FIG. 2 is a cross-sectional view of the conductive roller 1 of FIG.

FIG. 3 is a side view illustrating a configuration of an electrophotographic apparatus including the conductive roller 1 of FIG. 1 as a charging roller 1.

FIG. 4 is a cross-sectional view for explaining a step of forming a conductive elastic layer 3 of the conductive roller 1.

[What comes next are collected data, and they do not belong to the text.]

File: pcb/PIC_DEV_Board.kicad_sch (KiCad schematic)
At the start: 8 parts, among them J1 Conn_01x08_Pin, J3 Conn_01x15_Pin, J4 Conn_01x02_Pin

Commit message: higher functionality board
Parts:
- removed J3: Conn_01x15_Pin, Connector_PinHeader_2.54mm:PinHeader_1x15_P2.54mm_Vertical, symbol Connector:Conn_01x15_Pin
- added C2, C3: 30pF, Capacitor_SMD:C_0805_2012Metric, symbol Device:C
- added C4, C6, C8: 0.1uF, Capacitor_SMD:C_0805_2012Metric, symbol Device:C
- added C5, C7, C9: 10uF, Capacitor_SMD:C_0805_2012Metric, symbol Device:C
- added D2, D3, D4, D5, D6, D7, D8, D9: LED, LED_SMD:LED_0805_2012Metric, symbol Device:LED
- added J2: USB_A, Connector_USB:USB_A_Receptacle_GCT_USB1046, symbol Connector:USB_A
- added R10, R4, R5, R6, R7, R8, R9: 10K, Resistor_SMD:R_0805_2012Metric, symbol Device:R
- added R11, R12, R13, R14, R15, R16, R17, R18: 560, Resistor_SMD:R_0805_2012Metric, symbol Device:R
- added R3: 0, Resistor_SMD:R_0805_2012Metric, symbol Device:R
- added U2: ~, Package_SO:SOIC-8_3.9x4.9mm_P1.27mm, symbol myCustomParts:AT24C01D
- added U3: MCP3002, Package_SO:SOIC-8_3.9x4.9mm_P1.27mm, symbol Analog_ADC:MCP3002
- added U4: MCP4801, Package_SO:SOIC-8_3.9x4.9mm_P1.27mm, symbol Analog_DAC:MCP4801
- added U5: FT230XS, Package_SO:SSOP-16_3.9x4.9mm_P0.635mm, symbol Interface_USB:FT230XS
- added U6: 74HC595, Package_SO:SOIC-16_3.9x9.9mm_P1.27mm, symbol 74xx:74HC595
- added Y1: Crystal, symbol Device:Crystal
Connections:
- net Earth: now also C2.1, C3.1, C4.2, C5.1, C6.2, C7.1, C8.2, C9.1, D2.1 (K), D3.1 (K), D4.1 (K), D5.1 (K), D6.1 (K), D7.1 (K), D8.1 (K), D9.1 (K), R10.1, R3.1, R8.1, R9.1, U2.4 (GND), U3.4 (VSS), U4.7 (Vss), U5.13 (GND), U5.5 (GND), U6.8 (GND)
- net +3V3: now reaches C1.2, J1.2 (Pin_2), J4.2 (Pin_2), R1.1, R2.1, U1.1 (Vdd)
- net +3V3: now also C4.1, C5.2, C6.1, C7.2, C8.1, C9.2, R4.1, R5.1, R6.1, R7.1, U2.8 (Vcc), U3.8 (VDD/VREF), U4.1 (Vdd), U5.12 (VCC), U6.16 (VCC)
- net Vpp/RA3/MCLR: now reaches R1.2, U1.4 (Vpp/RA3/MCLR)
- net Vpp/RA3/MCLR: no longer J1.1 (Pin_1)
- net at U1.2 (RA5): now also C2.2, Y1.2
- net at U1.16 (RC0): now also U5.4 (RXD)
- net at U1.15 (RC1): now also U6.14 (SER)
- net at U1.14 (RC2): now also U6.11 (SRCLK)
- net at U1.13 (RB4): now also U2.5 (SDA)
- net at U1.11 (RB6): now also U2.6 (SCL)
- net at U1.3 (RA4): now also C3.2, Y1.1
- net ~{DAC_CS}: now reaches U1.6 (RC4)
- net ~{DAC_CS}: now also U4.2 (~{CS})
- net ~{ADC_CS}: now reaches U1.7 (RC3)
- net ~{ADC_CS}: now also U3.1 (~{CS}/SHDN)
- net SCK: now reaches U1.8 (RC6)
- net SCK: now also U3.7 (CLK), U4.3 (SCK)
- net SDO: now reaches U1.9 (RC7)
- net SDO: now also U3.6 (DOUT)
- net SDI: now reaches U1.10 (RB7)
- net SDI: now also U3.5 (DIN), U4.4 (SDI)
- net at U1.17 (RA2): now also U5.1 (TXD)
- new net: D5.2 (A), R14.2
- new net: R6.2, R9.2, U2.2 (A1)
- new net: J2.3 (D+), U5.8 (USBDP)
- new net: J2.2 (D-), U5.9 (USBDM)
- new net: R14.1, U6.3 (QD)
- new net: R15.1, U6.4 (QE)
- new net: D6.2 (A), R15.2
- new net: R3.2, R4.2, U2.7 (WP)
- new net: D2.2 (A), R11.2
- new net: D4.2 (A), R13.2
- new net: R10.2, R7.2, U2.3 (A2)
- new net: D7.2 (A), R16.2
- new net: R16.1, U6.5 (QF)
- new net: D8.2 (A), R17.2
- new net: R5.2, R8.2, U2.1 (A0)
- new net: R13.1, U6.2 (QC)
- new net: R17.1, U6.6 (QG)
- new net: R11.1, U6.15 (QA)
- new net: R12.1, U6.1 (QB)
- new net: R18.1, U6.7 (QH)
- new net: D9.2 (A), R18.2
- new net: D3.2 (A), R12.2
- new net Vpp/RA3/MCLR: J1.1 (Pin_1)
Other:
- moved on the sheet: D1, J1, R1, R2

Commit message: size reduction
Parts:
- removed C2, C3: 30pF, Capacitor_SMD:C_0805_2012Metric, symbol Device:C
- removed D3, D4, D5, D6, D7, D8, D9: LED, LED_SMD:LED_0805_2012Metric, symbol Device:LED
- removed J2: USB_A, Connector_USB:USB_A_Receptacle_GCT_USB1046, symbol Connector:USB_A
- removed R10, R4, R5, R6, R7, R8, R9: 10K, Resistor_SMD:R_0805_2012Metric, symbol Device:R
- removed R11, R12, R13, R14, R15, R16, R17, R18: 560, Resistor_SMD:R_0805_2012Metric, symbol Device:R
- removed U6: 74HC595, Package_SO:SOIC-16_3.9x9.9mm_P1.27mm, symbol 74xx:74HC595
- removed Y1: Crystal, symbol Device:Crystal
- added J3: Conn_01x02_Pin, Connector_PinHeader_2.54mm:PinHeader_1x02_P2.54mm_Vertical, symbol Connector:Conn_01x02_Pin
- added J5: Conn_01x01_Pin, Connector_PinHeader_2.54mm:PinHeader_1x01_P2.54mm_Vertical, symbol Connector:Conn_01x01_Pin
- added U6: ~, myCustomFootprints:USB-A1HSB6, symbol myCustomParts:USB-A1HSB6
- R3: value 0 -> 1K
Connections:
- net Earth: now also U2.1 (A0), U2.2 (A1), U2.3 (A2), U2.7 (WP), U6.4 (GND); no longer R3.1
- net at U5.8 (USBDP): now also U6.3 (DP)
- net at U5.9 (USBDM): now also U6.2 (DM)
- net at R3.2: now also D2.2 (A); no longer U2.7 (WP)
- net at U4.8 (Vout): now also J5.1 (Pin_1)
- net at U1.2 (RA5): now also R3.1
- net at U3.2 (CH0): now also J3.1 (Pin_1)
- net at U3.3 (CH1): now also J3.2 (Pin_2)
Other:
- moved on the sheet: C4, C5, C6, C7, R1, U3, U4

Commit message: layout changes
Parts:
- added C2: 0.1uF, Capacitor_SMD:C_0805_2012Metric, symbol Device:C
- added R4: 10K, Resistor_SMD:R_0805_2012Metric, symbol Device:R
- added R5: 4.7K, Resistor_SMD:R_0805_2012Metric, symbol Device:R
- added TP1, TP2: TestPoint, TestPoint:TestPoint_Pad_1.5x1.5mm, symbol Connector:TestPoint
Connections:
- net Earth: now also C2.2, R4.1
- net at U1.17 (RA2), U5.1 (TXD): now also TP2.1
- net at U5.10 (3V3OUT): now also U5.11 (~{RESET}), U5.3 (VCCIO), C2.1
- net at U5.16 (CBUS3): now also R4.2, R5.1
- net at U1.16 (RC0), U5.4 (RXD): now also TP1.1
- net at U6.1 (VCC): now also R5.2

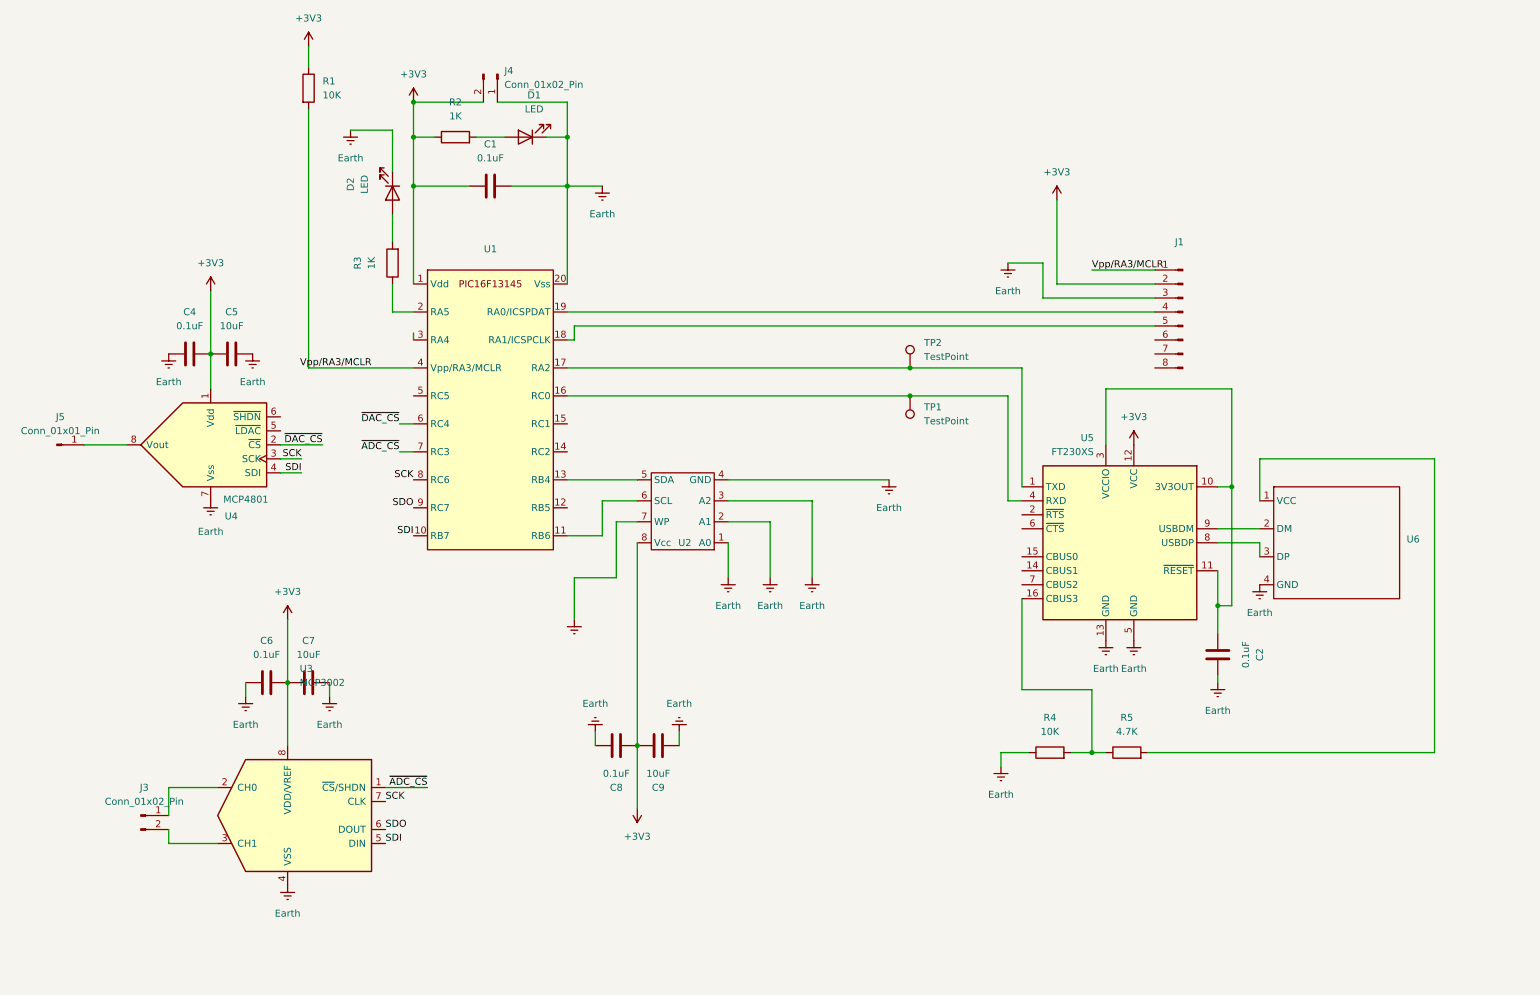
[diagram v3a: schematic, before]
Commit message: layout/schematic changes
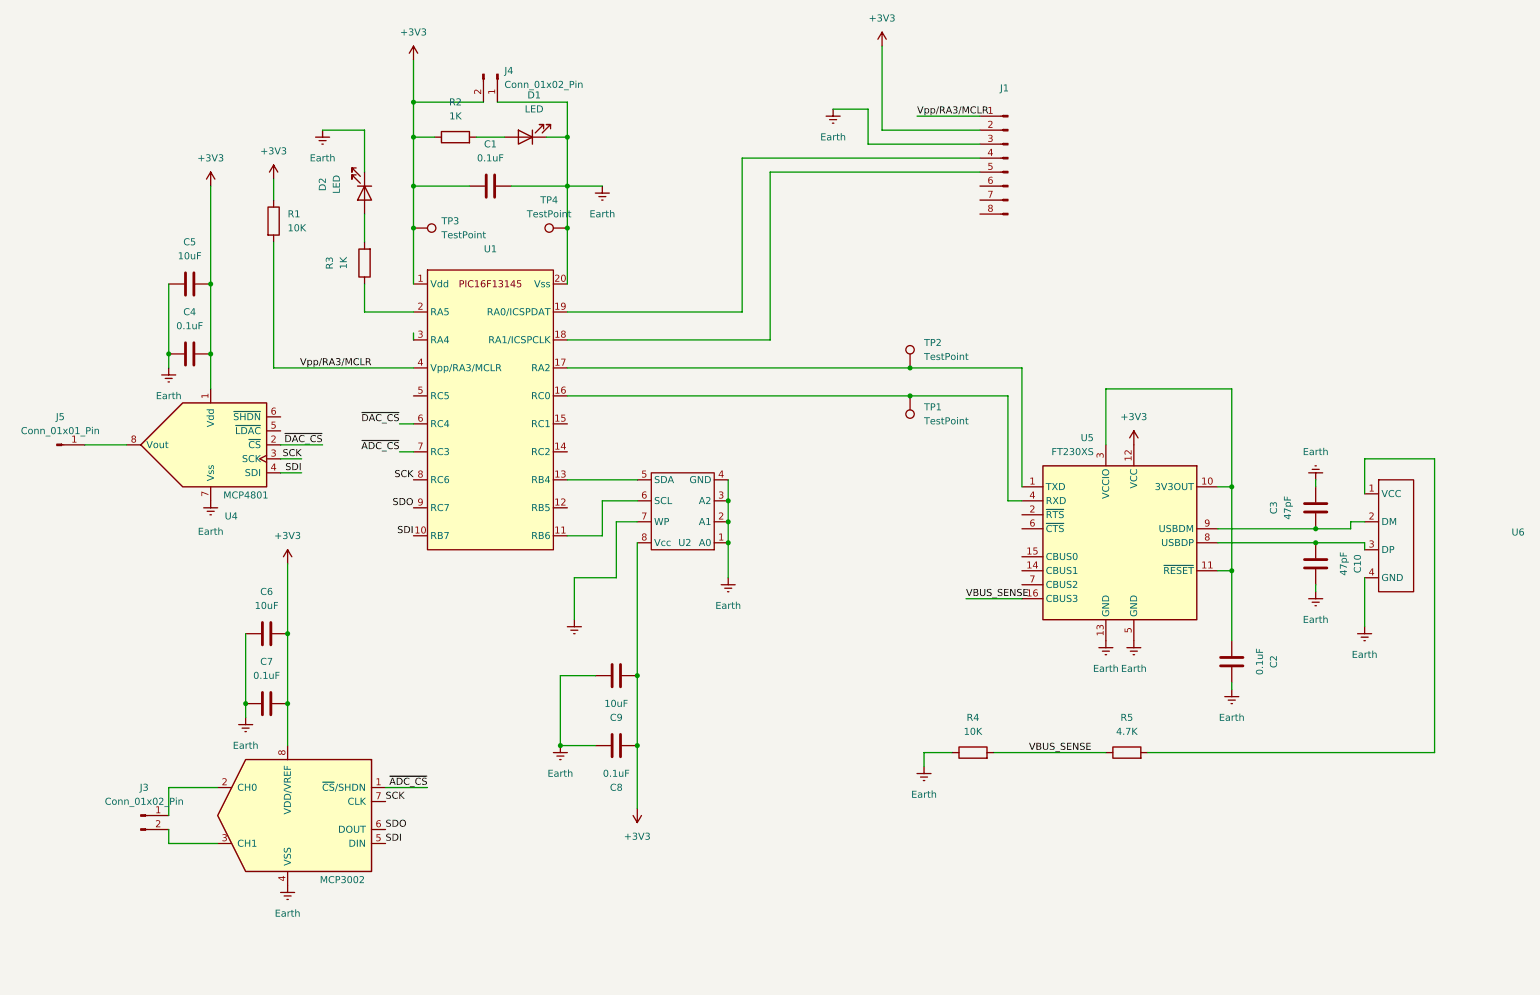
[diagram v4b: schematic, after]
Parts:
- added C10, C3: 47pF, Capacitor_SMD:C_0805_2012Metric, symbol Device:C
- added TP3, TP4: TestPoint, TestPoint:TestPoint_Pad_1.5x1.5mm, symbol Connector:TestPoint
- C6: value 0.1uF -> 10uF
- C7: value 10uF -> 0.1uF
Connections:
- net +3V3: now also C5.1, C7.1, C9.1, TP3.1; no longer C5.2, C7.2, C9.2
- net Earth: now also C5.2, C7.2, C9.2, C10.2, C3.2, TP4.1; no longer C5.1, C7.1, C9.1
- net VBUS_SENSE: now reaches R4.2, R5.1, U5.16 (CBUS3)
- net at U5.8 (USBDP), U6.3 (DP): now also C10.1
- net at U5.9 (USBDM), U6.2 (DM): now also C3.1
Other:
- moved on the sheet: C2, D2, J1, R1, R3, R4, U6

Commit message: layout/via changes
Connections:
- net Earth: now also U6.1 (GND); no longer U6.4 (GND)
- net at C10.1, U5.8 (USBDP): now also U6.2 (DP); no longer U6.3 (DP)
- net at C3.1, U5.9 (USBDM): now also U6.3 (DM); no longer U6.2 (DM)
- net at R5.2: now also U6.4 (VCC); no longer U6.1 (VCC)

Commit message: layout/via changes
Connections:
- net at U4.5 (~{LDAC}): now also U1.5 (RC5)
- net at U4.6 (~{SHDN}): now also U1.3 (RA4)
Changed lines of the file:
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@@
+	(wire
+		(pts
+			(xy 76.2 97.79) (xy 76.2 91.44)
+		)
+		(stroke
+			(width 0)
+			(type default)
+		)
+	)
 	(wire
 		(pts
@@
 	(wire
 		(pts
+			(xy 76.2 91.44) (xy 87.63 91.44)
+		)
+		(stroke
+			(width 0)
+			(type default)
+		)
+	)
+	(wire
+		(pts
 			(xy 115.57 116.84) (xy 121.92 116.84)
 		)
@@
 	(wire
 		(pts
+			(xy 87.63 81.28) (xy 83.82 81.28)
+		)
+		(stroke
+			(width 0)
+			(type default)
+		)
+	)
+	(wire
+		(pts
 			(xy 152.4 50.8) (xy 152.4 81.28)
 		)
@@
 	(wire
 		(pts
-			(xy 87.63 80.01) (xy 87.63 81.28)
-		)
-		(stroke
-			(width 0)
-			(type default)
-		)
-	)
-	(wire
-		(pts
 			(xy 118.11 142.24) (xy 118.11 154.94)
 		)
@@
 	(wire
 		(pts
+			(xy 83.82 90.17) (xy 63.5 90.17)
+		)
+		(stroke
+			(width 0)
+			(type default)
+		)
+	)
+	(wire
+		(pts
 			(xy 120.65 142.24) (xy 118.11 142.24)
 		)
@@
 	(wire
 		(pts
+			(xy 63.5 90.17) (xy 63.5 95.25)
+		)
+		(stroke
+			(width 0)
+			(type default)
+		)
+	)
+	(wire
+		(pts
 			(xy 52.07 172.72) (xy 43.18 172.72)
 		)
@@
 	(wire
 		(pts
+			(xy 63.5 97.79) (xy 76.2 97.79)
+		)
+		(stroke
+			(width 0)
+			(type default)
+		)
+	)
+	(wire
+		(pts
 			(xy 27.94 100.33) (xy 35.56 100.33)
 		)
@@
 		)
 		(stroke
+			(width 0)
+			(type default)
+		)
+	)
+	(wire
+		(pts
+			(xy 83.82 81.28) (xy 83.82 90.17)
+		)
+		(stroke

FIG. 5 is a conceptual diagram of an apparatus for measuring the electric resistance and the withstand voltage of the conductive roller 1.

[Explanation of symbols]

 REFERENCE SIGNS LIST 1 conductive roller (charging roller) 2 shaft 3 conductive elastic layer 4 surface layer 11 photoconductor 23 developing device 26 developing roller 28 paper (recording medium) 47 fixing device 50 metal roller

──────────────────────────────────────────────────の Continued on the front page (51) Int.Cl. ⁷ Identification symbol FI Theme court ゛ (Reference) G03G 15/16 103 G03G 15/16 103 (72) Inventor Izumi Hiroshi 3-chome Meiwadori, Hyogo-ku, Kobe City, Hyogo Prefecture No. 2-15 Bando Chemical Co., Ltd. F term (reference) 2H003 BB11 CC05 2H032 AA05 BA23 2H077 AD06 AD13 AE05 FA13 FA27 3J103 AA02 AA14 AA23 AA33 AA51 BA41 FA06 FA14 FA18 GA02 GA52 GA74 HA03 HA04 HA05 HA12 HA33 HA33 HA33 HA33 HA33 HA33 HA52 4J002 CK021 CK041 DA036 GQ00 GT00

Claims (5)

[Claims] 1. A conductive roller comprising a shaft having conductivity, a conductive elastic layer and a surface layer concentrically laminated on an outer peripheral surface of the shaft, wherein the conductive elastic layer has a surface functional group. Total amount is 0.5 mmol / g
The following carbon black was used according to JIS K5400-
The particle size was 5 to 5 in the evaluation of the degree of dispersion by a particle gauge of 1990.
A conductive roller comprising a cured product of a polyisocyanate and a polyol dispersed so as to have a thickness of 0 μm. 2. The conductive roller according to claim 1, wherein the content of the carbon black in the carbon-dispersed polyol is 1 to 5 wt%. 3. The carbon black has a DBP oil absorption of 150 to 190 ml / 100 g and a BET
The conductive roller according to claim 1, wherein the specific surface area is 40 to 70 m ² g. 4. The conductive roller according to claim 1, wherein the polyol is a polyolefin-based polyol that is liquid at room temperature. 5. A metal roller having a diameter of 30 mmφ
While rotating at 8 rpm, the shaft body was pressed against each end with a load of 500 g applied to both ends, and the resistance value when a voltage of -400 V was applied was 10 ⁶ to 10 ⁸ Ω, and the electric charge was reduced to -1.5 kV. 2. A leak does not occur.
5. The conductive roller according to any one of 4.